# Critique my knuckleheads please.



## mycobraracr (Dec 4, 2011)

I would like for you guys to critique my two young dogs. This was our first attempts at stacking and they are not the best. I'm curious on the conformation aspect of these two. Thanks for your replies. 

Kimber vom True Haus 15 months


Ivisaruk River vom Lytle (Xander) 11 months


----------



## d4mmo (Mar 27, 2013)

Kimber
Nice lean young male, good bone, light pigment and color. good withers but has a dip right behind it. croup is short and tail is set up high but might just be the photo. short forechest and upper arm. needs more angulation on the front but the rear seems good. pastens and hocks both seem very firm.

Ivisaruk
Nice expressive male, good withers, excellent top line, good croup. ok forechest and front angulation. good rear angulation 


Both beautiful dogs


----------



## mycobraracr (Dec 4, 2011)

Thanks for the reply


----------



## osito23 (Feb 17, 2014)

I can't critique other than to say they're both beautiful and I love Xander's coloring!

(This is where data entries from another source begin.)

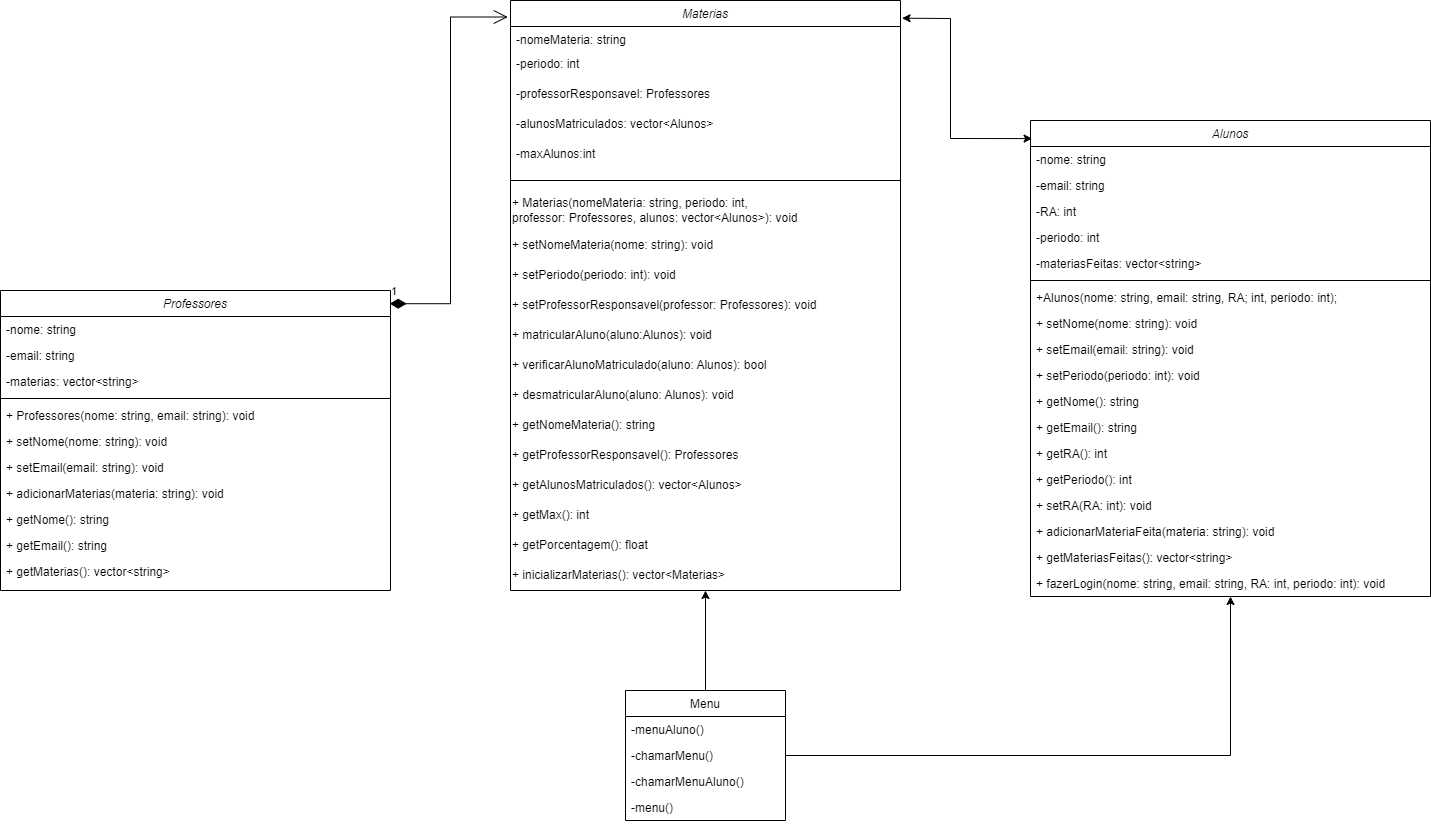

The diagram above was exported from draw.io. Its source (the exported page's mxGraphModel, read from the mxfile embedded in the PNG):
<mxGraphModel dx="2154" dy="806" grid="1" gridSize="10" guides="1" tooltips="1" connect="1" arrows="1" fold="1" page="1" pageScale="1" pageWidth="827" pageHeight="1169" math="0" shadow="0">
  <root>
    <mxCell id="WIyWlLk6GJQsqaUBKTNV-0" />
    <mxCell id="WIyWlLk6GJQsqaUBKTNV-1" parent="WIyWlLk6GJQsqaUBKTNV-0" />
    <mxCell id="zkfFHV4jXpPFQw0GAbJ--0" value="Alunos" style="swimlane;fontStyle=2;align=center;verticalAlign=top;childLayout=stackLayout;horizontal=1;startSize=26;horizontalStack=0;resizeParent=1;resizeLast=0;collapsible=1;marginBottom=0;rounded=0;shadow=0;strokeWidth=1;" parent="WIyWlLk6GJQsqaUBKTNV-1" vertex="1">
      <mxGeometry x="240" y="160" width="400" height="476" as="geometry">
        <mxRectangle x="230" y="140" width="160" height="26" as="alternateBounds" />
      </mxGeometry>
    </mxCell>
    <mxCell id="zkfFHV4jXpPFQw0GAbJ--1" value="-nome: string" style="text;align=left;verticalAlign=top;spacingLeft=4;spacingRight=4;overflow=hidden;rotatable=0;points=[[0,0.5],[1,0.5]];portConstraint=eastwest;" parent="zkfFHV4jXpPFQw0GAbJ--0" vertex="1">
      <mxGeometry y="26" width="400" height="26" as="geometry" />
    </mxCell>
    <mxCell id="zkfFHV4jXpPFQw0GAbJ--2" value="-email: string" style="text;align=left;verticalAlign=top;spacingLeft=4;spacingRight=4;overflow=hidden;rotatable=0;points=[[0,0.5],[1,0.5]];portConstraint=eastwest;rounded=0;shadow=0;html=0;" parent="zkfFHV4jXpPFQw0GAbJ--0" vertex="1">
      <mxGeometry y="52" width="400" height="26" as="geometry" />
    </mxCell>
    <mxCell id="5g1jy-vCzv8CUTfBbdkB-4" value="-RA: int" style="text;align=left;verticalAlign=top;spacingLeft=4;spacingRight=4;overflow=hidden;rotatable=0;points=[[0,0.5],[1,0.5]];portConstraint=eastwest;rounded=0;shadow=0;html=0;" parent="zkfFHV4jXpPFQw0GAbJ--0" vertex="1">
      <mxGeometry y="78" width="400" height="26" as="geometry" />
    </mxCell>
    <mxCell id="5g1jy-vCzv8CUTfBbdkB-5" value="-periodo: int" style="text;align=left;verticalAlign=top;spacingLeft=4;spacingRight=4;overflow=hidden;rotatable=0;points=[[0,0.5],[1,0.5]];portConstraint=eastwest;rounded=0;shadow=0;html=0;" parent="zkfFHV4jXpPFQw0GAbJ--0" vertex="1">
      <mxGeometry y="104" width="400" height="26" as="geometry" />
    </mxCell>
    <mxCell id="zkfFHV4jXpPFQw0GAbJ--3" value="-materiasFeitas: vector&lt;string&gt;" style="text;align=left;verticalAlign=top;spacingLeft=4;spacingRight=4;overflow=hidden;rotatable=0;points=[[0,0.5],[1,0.5]];portConstraint=eastwest;rounded=0;shadow=0;html=0;" parent="zkfFHV4jXpPFQw0GAbJ--0" vertex="1">
      <mxGeometry y="130" width="400" height="26" as="geometry" />
    </mxCell>
    <mxCell id="zkfFHV4jXpPFQw0GAbJ--4" value="" style="line;html=1;strokeWidth=1;align=left;verticalAlign=middle;spacingTop=-1;spacingLeft=3;spacingRight=3;rotatable=0;labelPosition=right;points=[];portConstraint=eastwest;" parent="zkfFHV4jXpPFQw0GAbJ--0" vertex="1">
      <mxGeometry y="156" width="400" height="8" as="geometry" />
    </mxCell>
    <mxCell id="zkfFHV4jXpPFQw0GAbJ--5" value="+Alunos(nome: string, email: string, RA; int, periodo: int);" style="text;align=left;verticalAlign=top;spacingLeft=4;spacingRight=4;overflow=hidden;rotatable=0;points=[[0,0.5],[1,0.5]];portConstraint=eastwest;" parent="zkfFHV4jXpPFQw0GAbJ--0" vertex="1">
      <mxGeometry y="164" width="400" height="26" as="geometry" />
    </mxCell>
    <mxCell id="5g1jy-vCzv8CUTfBbdkB-12" value="+ setNome(nome: string): void " style="text;align=left;verticalAlign=top;spacingLeft=4;spacingRight=4;overflow=hidden;rotatable=0;points=[[0,0.5],[1,0.5]];portConstraint=eastwest;" parent="zkfFHV4jXpPFQw0GAbJ--0" vertex="1">
      <mxGeometry y="190" width="400" height="26" as="geometry" />
    </mxCell>
    <mxCell id="5g1jy-vCzv8CUTfBbdkB-13" value="+ setEmail(email: string): void" style="text;align=left;verticalAlign=top;spacingLeft=4;spacingRight=4;overflow=hidden;rotatable=0;points=[[0,0.5],[1,0.5]];portConstraint=eastwest;" parent="zkfFHV4jXpPFQw0GAbJ--0" vertex="1">
      <mxGeometry y="216" width="400" height="26" as="geometry" />
    </mxCell>
    <mxCell id="5g1jy-vCzv8CUTfBbdkB-17" value="+ setPeriodo(periodo: int): void          " style="text;align=left;verticalAlign=top;spacingLeft=4;spacingRight=4;overflow=hidden;rotatable=0;points=[[0,0.5],[1,0.5]];portConstraint=eastwest;" parent="zkfFHV4jXpPFQw0GAbJ--0" vertex="1">
      <mxGeometry y="242" width="400" height="26" as="geometry" />
    </mxCell>
    <mxCell id="5g1jy-vCzv8CUTfBbdkB-19" value="+ getNome(): string" style="text;align=left;verticalAlign=top;spacingLeft=4;spacingRight=4;overflow=hidden;rotatable=0;points=[[0,0.5],[1,0.5]];portConstraint=eastwest;" parent="zkfFHV4jXpPFQw0GAbJ--0" vertex="1">
      <mxGeometry y="268" width="400" height="26" as="geometry" />
    </mxCell>
    <mxCell id="5g1jy-vCzv8CUTfBbdkB-20" value="+ getEmail(): string" style="text;align=left;verticalAlign=top;spacingLeft=4;spacingRight=4;overflow=hidden;rotatable=0;points=[[0,0.5],[1,0.5]];portConstraint=eastwest;" parent="zkfFHV4jXpPFQw0GAbJ--0" vertex="1">
      <mxGeometry y="294" width="400" height="26" as="geometry" />
    </mxCell>
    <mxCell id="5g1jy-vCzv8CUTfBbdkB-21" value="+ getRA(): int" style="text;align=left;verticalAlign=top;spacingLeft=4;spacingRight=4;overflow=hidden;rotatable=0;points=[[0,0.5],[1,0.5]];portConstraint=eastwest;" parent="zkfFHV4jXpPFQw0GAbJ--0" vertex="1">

Bumping so others can see this


----------



## mycobraracr (Dec 4, 2011)

osito23 said:


> I can't critique other than to say they're both beautiful and I love Xander's coloring! Bumping so others can see this


Thanks


----------



## canada.k9 (Jan 7, 2015)

Can I just say- IM IN FREAKING LOVE.
WL if im correct? Czech? Straight backs <3
Love them.


----------



## mycobraracr (Dec 4, 2011)

Thank you! 
Kimber is WGWL. Kimber vom True Haus

Xander is WGWL with some Czech mixed in. 
Ivisaruk River vom Lytle


----------



## robk (Jun 16, 2011)

I Love this guys coloring.


----------



## mycobraracr (Dec 4, 2011)

robk said:


> I Love this guys coloring.



Thanks! I do too. It's very unique and the first thing people comment on.


----------